Nephron Nitrile-Qa Online-Tier I- Days 6:00 Am To 6:30 Pm

Corporate Statement

Nephron Nitrile is a new privately-owned Nitrile Glove manufacturer. Nephron Nitrile products are proudly made in the USA! We are headquartered in West Columbia, South Carolina. The facility utilizes completely automated manufacturing, packaging, and distribution systems, in addition to high volume and redundant utility systems, to ensure production system availability.

Position Summary:

• Performs Weight Check and Quality Attributes Inspection of the product through the packaging process in compliance with company policies / procedures, FDA and cGMP regulations.
• Ensures the accuracy and completeness of lot records.

. Performs other duties as assigned or apparent.

NOTE: The primary accountabilities below are intended to describe the general content of and requirements of this position and are not intended to be an exhaustive statement of duties. Incumbents may perform all or most of the primary accountabilities listed below. Specific tasks or responsibilities will be documented in the incumbents’ performance objectives as outlined by the incumbents’ immediate supervisor or manager.

Primary Accountabilities:

• Inspect and release machines and processing rooms for production.
• Investigate out of range percentages.
• Review and approve production lot records for release into production.
• Verify incoming packaging materials, raw material chemicals, in process and finished products.
• Perform line clearances including equipment, components and label verification.
• Review all completed production lot record documentation to ensure completeness and compliance.
• Release finished product for packaging.
• Promote teamwork both within the QA area and other departments.
• Keep line and work station clean and orderly.
• Review production lot records for GDP accuracy.
• Successfully complete QA OJT packet.
• Support validation and manufacturing studies including special sampling and testing.
• Communicate quality- related observations, issues, problems, discrepancies and any violations of company policies or procedures to QA Management or Designee.
• Maintain quality assurance documentation.
• Successfully complete DEA certification.
• Monitor all production areas and personnel for adherence to all GMP, SOP’s and safety regulations.
• Ensure no product line contamination.
• Successfully complete LBR (General Use), training.
• Organize workload during lot changeovers for efficient execution.
• Monitor and perform start up, in-process and finished product inspections including weighing, attribute inspections during production.

Knowledge, Skills & Abilities

. High School Diploma or GED.

• Detail oriented.
• Good visual acuity and observation skills
• Good computer skills in MS Outlook, MS Word, MS Excel, internet, email and basic typing skills.
• Minimum of 1 year of pharmaceutical/medical device Quality Assurance/Production experience or 2 years related experience preferred.
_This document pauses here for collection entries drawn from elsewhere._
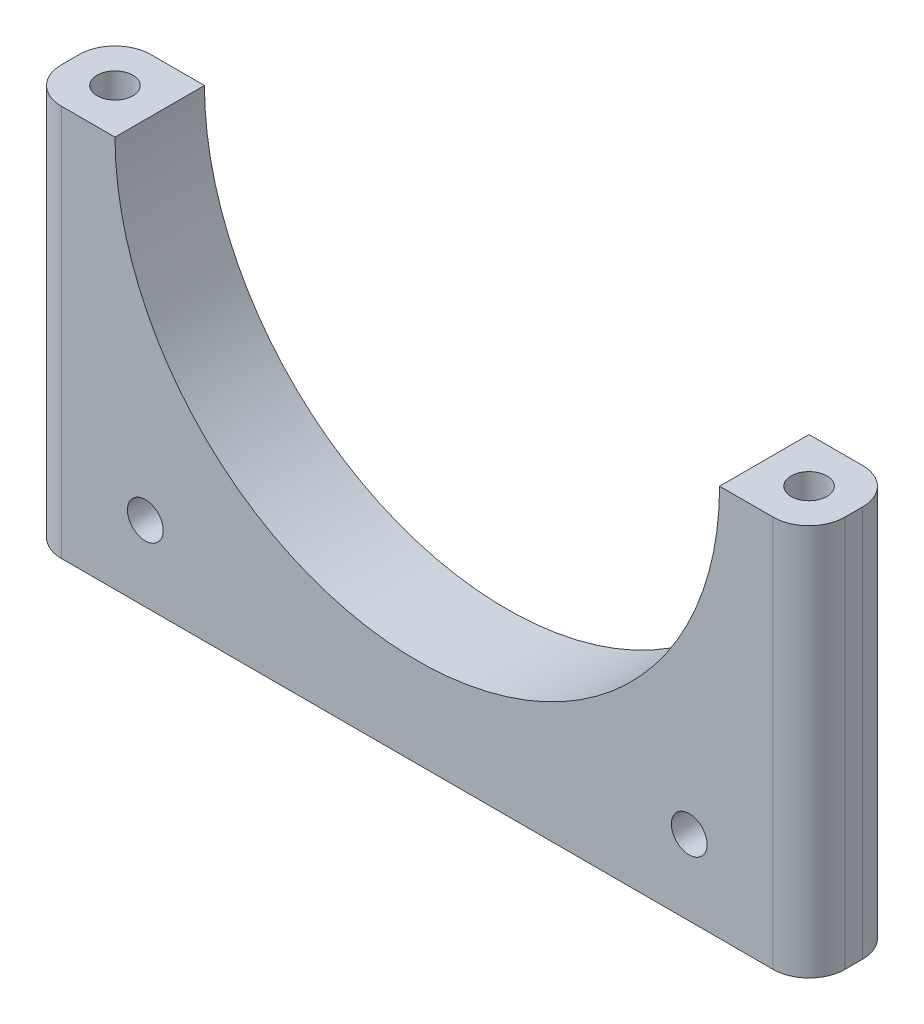
ISO-10303-21;
HEADER;
FILE_DESCRIPTION(('STEP AP214'),'2;1');
FILE_NAME('part.step','',(''),(''),'','','');
FILE_SCHEMA(('AUTOMOTIVE_DESIGN { 1 0 10303 214 1 1 1 1 }'));
ENDSEC;
DATA;
#1=APPLICATION_CONTEXT('core data for automotive mechanical design processes');
#2=APPLICATION_PROTOCOL_DEFINITION('international standard','automotive_design',2000,#1);
#3=PRODUCT_CONTEXT('',#1,'mechanical');
#4=PRODUCT('Part','Part','',(#3));
#5=PRODUCT_RELATED_PRODUCT_CATEGORY('part','',(#4));
#6=PRODUCT_DEFINITION_FORMATION('','',#4);
#7=PRODUCT_DEFINITION_CONTEXT('part definition',#1,'design');
#8=PRODUCT_DEFINITION('design','',#6,#7);
#9=PRODUCT_DEFINITION_SHAPE('','',#8);
#10=(LENGTH_UNIT() NAMED_UNIT(*) SI_UNIT(.MILLI.,.METRE.));
#11=(NAMED_UNIT(*) PLANE_ANGLE_UNIT() SI_UNIT($,.RADIAN.));
#12=(NAMED_UNIT(*) SI_UNIT($,.STERADIAN.) SOLID_ANGLE_UNIT());
#13=UNCERTAINTY_MEASURE_WITH_UNIT(LENGTH_MEASURE(1.E-05),#10,'distance_accuracy_value','');
#14=(GEOMETRIC_REPRESENTATION_CONTEXT(3) GLOBAL_UNCERTAINTY_ASSIGNED_CONTEXT((#13)) GLOBAL_UNIT_ASSIGNED_CONTEXT((#10,
#11,#12)) REPRESENTATION_CONTEXT('',''));
#15=CARTESIAN_POINT('',(0.,0.,0.));
#16=DIRECTION('',(0.,0.,1.));
#17=DIRECTION('',(1.,0.,0.));
#18=AXIS2_PLACEMENT_3D('',#15,#16,#17);
#19=CARTESIAN_POINT('',(0.,0.,25.));
#20=DIRECTION('',(0.,0.,1.));
#21=DIRECTION('',(1.,0.,0.));
#22=AXIS2_PLACEMENT_3D('',#19,#20,#21);
#23=PLANE('',#22);
#24=CARTESIAN_POINT('',(76.015,-3.99999999999999,25.));
#25=DIRECTION('',(0.,0.,1.));
#26=DIRECTION('',(1.,0.,0.));
#27=AXIS2_PLACEMENT_3D('',#24,#25,#26);
#28=CIRCLE('',#27,5.);
#29=CARTESIAN_POINT('',(81.015,-3.99999999999999,25.));
#30=VERTEX_POINT('',#29);
#31=EDGE_CURVE('E277',#30,#30,#28,.F.);
#32=ORIENTED_EDGE('',*,*,#31,.T.);
#33=EDGE_LOOP('',(#32));
#34=FACE_BOUND('',#33,.T.);
#35=DIRECTION('',(-1.,0.,0.));
#36=VECTOR('',#35,1.);
#37=CARTESIAN_POINT('',(0.,-25.,25.));
#38=LINE('',#37,#36);
#39=CARTESIAN_POINT('',(99.5,-25.,25.));
#40=VERTEX_POINT('',#39);
#41=CARTESIAN_POINT('',(-99.5,-25.,25.));
#42=VERTEX_POINT('',#41);
#43=EDGE_CURVE('E149',#40,#42,#38,.T.);
#44=ORIENTED_EDGE('',*,*,#43,.F.);
#45=DIRECTION('',(0.,-1.,0.));
#46=VECTOR('',#45,1.);
#47=CARTESIAN_POINT('',(99.5,0.,25.));
#48=LINE('',#47,#46);
#49=CARTESIAN_POINT('',(99.5,84.5,25.));
#50=VERTEX_POINT('',#49);
#51=EDGE_CURVE('E147',#40,#50,#48,.F.);
#52=ORIENTED_EDGE('',*,*,#51,.T.);
#53=DIRECTION('',(1.,0.,0.));
#54=VECTOR('',#53,1.);
#55=CARTESIAN_POINT('',(0.,84.5,25.));
#56=LINE('',#55,#54);
#57=CARTESIAN_POINT('',(84.5,84.5,25.));
#58=VERTEX_POINT('',#57);
#59=EDGE_CURVE('E128',#58,#50,#56,.T.);
#60=ORIENTED_EDGE('',*,*,#59,.F.);
#61=CARTESIAN_POINT('',(0.,84.5,25.));
#62=DIRECTION('',(0.,0.,1.));
#63=DIRECTION('',(1.,0.,0.));
#64=AXIS2_PLACEMENT_3D('',#61,#62,#63);
#65=CIRCLE('',#64,84.5);
#66=CARTESIAN_POINT('',(-84.5,84.5,25.));
#67=VERTEX_POINT('',#66);
#68=EDGE_CURVE('E145',#67,#58,#65,.T.);
#69=ORIENTED_EDGE('',*,*,#68,.F.);
#70=CARTESIAN_POINT('',(-99.5,84.5,25.));
#71=VERTEX_POINT('',#70);
#72=EDGE_CURVE('E151',#71,#67,#56,.T.);
#73=ORIENTED_EDGE('',*,*,#72,.F.);
#74=DIRECTION('',(0.,-1.,0.));
#75=VECTOR('',#74,1.);
#76=CARTESIAN_POINT('',(-99.5,-25.,25.));
#77=LINE('',#76,#75);
#78=EDGE_CURVE('E216',#71,#42,#77,.T.);
#79=ORIENTED_EDGE('',*,*,#78,.T.);
#80=EDGE_LOOP('',(#44,#52,#60,#69,#73,#79));
#81=FACE_BOUND('',#80,.T.);
#82=CARTESIAN_POINT('',(-76.015,-4.00000000000001,25.));
#83=DIRECTION('',(0.,0.,1.));
#84=DIRECTION('',(1.,0.,0.));
#85=AXIS2_PLACEMENT_3D('',#82,#83,#84);
#86=CIRCLE('',#85,4.99999999999999);
#87=CARTESIAN_POINT('',(-71.015,-4.00000000000001,25.));
#88=VERTEX_POINT('',#87);
#89=EDGE_CURVE('E193',#88,#88,#86,.T.);
#90=ORIENTED_EDGE('',*,*,#89,.F.);
#91=EDGE_LOOP('',(#90));
#92=FACE_BOUND('',#91,.T.);
#93=ADVANCED_FACE('F47',(#34,#81,#92),#23,.T.);
#94=CARTESIAN_POINT('',(0.,0.,0.));
#95=DIRECTION('',(0.,0.,1.));
#96=DIRECTION('',(1.,0.,0.));
#97=AXIS2_PLACEMENT_3D('',#94,#95,#96);
#98=PLANE('',#97);
#99=DIRECTION('',(1.,0.,0.));
#100=VECTOR('',#99,1.);
#101=CARTESIAN_POINT('',(0.,84.5,0.));
#102=LINE('',#101,#100);
#103=CARTESIAN_POINT('',(84.5,84.5,0.));
#104=VERTEX_POINT('',#103);
#105=CARTESIAN_POINT('',(99.5,84.5,0.));
#106=VERTEX_POINT('',#105);
#107=EDGE_CURVE('E131',#104,#106,#102,.T.);
#108=ORIENTED_EDGE('',*,*,#107,.T.);
#109=DIRECTION('',(0.,-1.,0.));
#110=VECTOR('',#109,1.);
#111=CARTESIAN_POINT('',(99.5,-25.,0.));
#112=LINE('',#111,#110);
#113=CARTESIAN_POINT('',(99.5,-25.,0.));
#114=VERTEX_POINT('',#113);
#115=EDGE_CURVE('E231',#106,#114,#112,.T.);
#116=ORIENTED_EDGE('',*,*,#115,.T.);
#117=DIRECTION('',(-1.,0.,0.));
#118=VECTOR('',#117,1.);
#119=CARTESIAN_POINT('',(0.,-25.,0.));
#120=LINE('',#119,#118);
#121=CARTESIAN_POINT('',(-99.5,-25.,0.));
#122=VERTEX_POINT('',#121);
#123=EDGE_CURVE('E161',#114,#122,#120,.T.);
#124=ORIENTED_EDGE('',*,*,#123,.T.);
#125=DIRECTION('',(0.,-1.,0.));
#126=VECTOR('',#125,1.);
#127=CARTESIAN_POINT('',(-99.5,0.,0.));
#128=LINE('',#127,#126);
#129=CARTESIAN_POINT('',(-99.5,84.5,0.));
#130=VERTEX_POINT('',#129);
#131=EDGE_CURVE('E228',#122,#130,#128,.F.);
#132=ORIENTED_EDGE('',*,*,#131,.T.);
#133=CARTESIAN_POINT('',(-84.5,84.5,0.));
#134=VERTEX_POINT('',#133);
#135=EDGE_CURVE('E169',#130,#134,#102,.T.);
#136=ORIENTED_EDGE('',*,*,#135,.T.);
#137=CARTESIAN_POINT('',(0.,84.5,0.));
#138=DIRECTION('',(0.,0.,1.));
#139=DIRECTION('',(1.,0.,0.));
#140=AXIS2_PLACEMENT_3D('',#137,#138,#139);
#141=CIRCLE('',#140,84.5);
#142=EDGE_CURVE('E168',#134,#104,#141,.T.);
#143=ORIENTED_EDGE('',*,*,#142,.T.);
#144=EDGE_LOOP('',(#108,#116,#124,#132,#136,#143));
#145=FACE_BOUND('',#144,.T.);
#146=CARTESIAN_POINT('',(76.015,-3.99999999999999,0.));
#147=DIRECTION('',(0.,0.,1.));
#148=DIRECTION('',(1.,0.,0.));
#149=AXIS2_PLACEMENT_3D('',#146,#147,#148);
#150=CIRCLE('',#149,5.);
#151=CARTESIAN_POINT('',(81.015,-3.99999999999999,0.));
#152=VERTEX_POINT('',#151);
#153=EDGE_CURVE('E188',#152,#152,#150,.F.);
#154=ORIENTED_EDGE('',*,*,#153,.F.);
#155=EDGE_LOOP('',(#154));
#156=FACE_BOUND('',#155,.T.);
#157=CARTESIAN_POINT('',(-76.015,-4.00000000000001,0.));
#158=DIRECTION('',(0.,0.,1.));
#159=DIRECTION('',(1.,0.,0.));
#160=AXIS2_PLACEMENT_3D('',#157,#158,#159);
#161=CIRCLE('',#160,4.99999999999999);
#162=CARTESIAN_POINT('',(-71.015,-4.00000000000001,0.));
#163=VERTEX_POINT('',#162);
#164=EDGE_CURVE('E192',#163,#163,#161,.T.);
#165=ORIENTED_EDGE('',*,*,#164,.T.);
#166=EDGE_LOOP('',(#165));
#167=FACE_BOUND('',#166,.T.);
#168=ADVANCED_FACE('F256',(#145,#156,#167),#98,.F.);
#169=CARTESIAN_POINT('',(0.,-25.,25.));
#170=DIRECTION('',(0.,-1.,0.));
#171=DIRECTION('',(0.,0.,-1.));
#172=AXIS2_PLACEMENT_3D('',#169,#170,#171);
#173=PLANE('',#172);
#174=CARTESIAN_POINT('',(97.,-25.0000000000004,12.5));
#175=DIRECTION('',(0.,-1.,0.));
#176=DIRECTION('',(0.,0.,-1.));
#177=AXIS2_PLACEMENT_3D('',#174,#175,#176);
#178=CIRCLE('',#177,5.);
#179=CARTESIAN_POINT('',(97.,-25.0000000000004,7.49999999999997));
#180=VERTEX_POINT('',#179);
#181=EDGE_CURVE('E165',#180,#180,#178,.F.);
#182=ORIENTED_EDGE('',*,*,#181,.T.);
#183=EDGE_LOOP('',(#182));
#184=FACE_BOUND('',#183,.T.);
#185=DIRECTION('',(0.,0.,-1.));
#186=VECTOR('',#185,1.);
#187=CARTESIAN_POINT('',(109.5,-25.,25.));
#188=LINE('',#187,#186);
#189=CARTESIAN_POINT('',(109.5,-25.,15.));
#190=VERTEX_POINT('',#189);
#191=CARTESIAN_POINT('',(109.5,-25.,10.));
#192=VERTEX_POINT('',#191);
#193=EDGE_CURVE('E183',#190,#192,#188,.T.);
#194=ORIENTED_EDGE('',*,*,#193,.F.);
#195=CARTESIAN_POINT('',(99.5,-25.,15.));
#196=DIRECTION('',(0.,-1.,0.));
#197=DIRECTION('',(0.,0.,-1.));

Knowledge of GMP preferred.
• Good written, oral and comprehensive communication skills

. Able to handle diversity of projects.

• Specific expertise, skills and knowledge within quality assurance gained through education and experience.
• A broad perspective that aligns decisions to organizational objectives and long term consequences of day-to-day activities.
• The ability and willingness to change direction and focus to meet shifting organizational and business demands

. The ability to create and contribute environment that values people, encourages trust, teamwork, and open communication, and provides participation, learning, feedback and recognition.

. The ability to effectively manage one self, demonstrates integrity, be productive under pressure, and achieve development goals.

• Incumbents are required to wear hearing protection and other non-specified protective equipment as necessary.
• Position requires reaching (waist to head), bending (waist to floor), lifting (up to 25 lbs.), reaching (waist to head), vision (20/20), standing (40%), sitting (20%), walking (40%), typing, and hearing.

EEO Statement:

Nephron Nitrile is an equal employment opportunity employer and does not discriminate against employees or job applicants on the basis of race, religion, color, sex, sexual orientation, age, national origin, mental or physical disability of a qualified individual, veteran or military status, pregnancy, marital status, familial status, genetic information, or any other consideration made unlawful by applicable federal, state or local law.

Nephron Nitrile is a drug free workplace.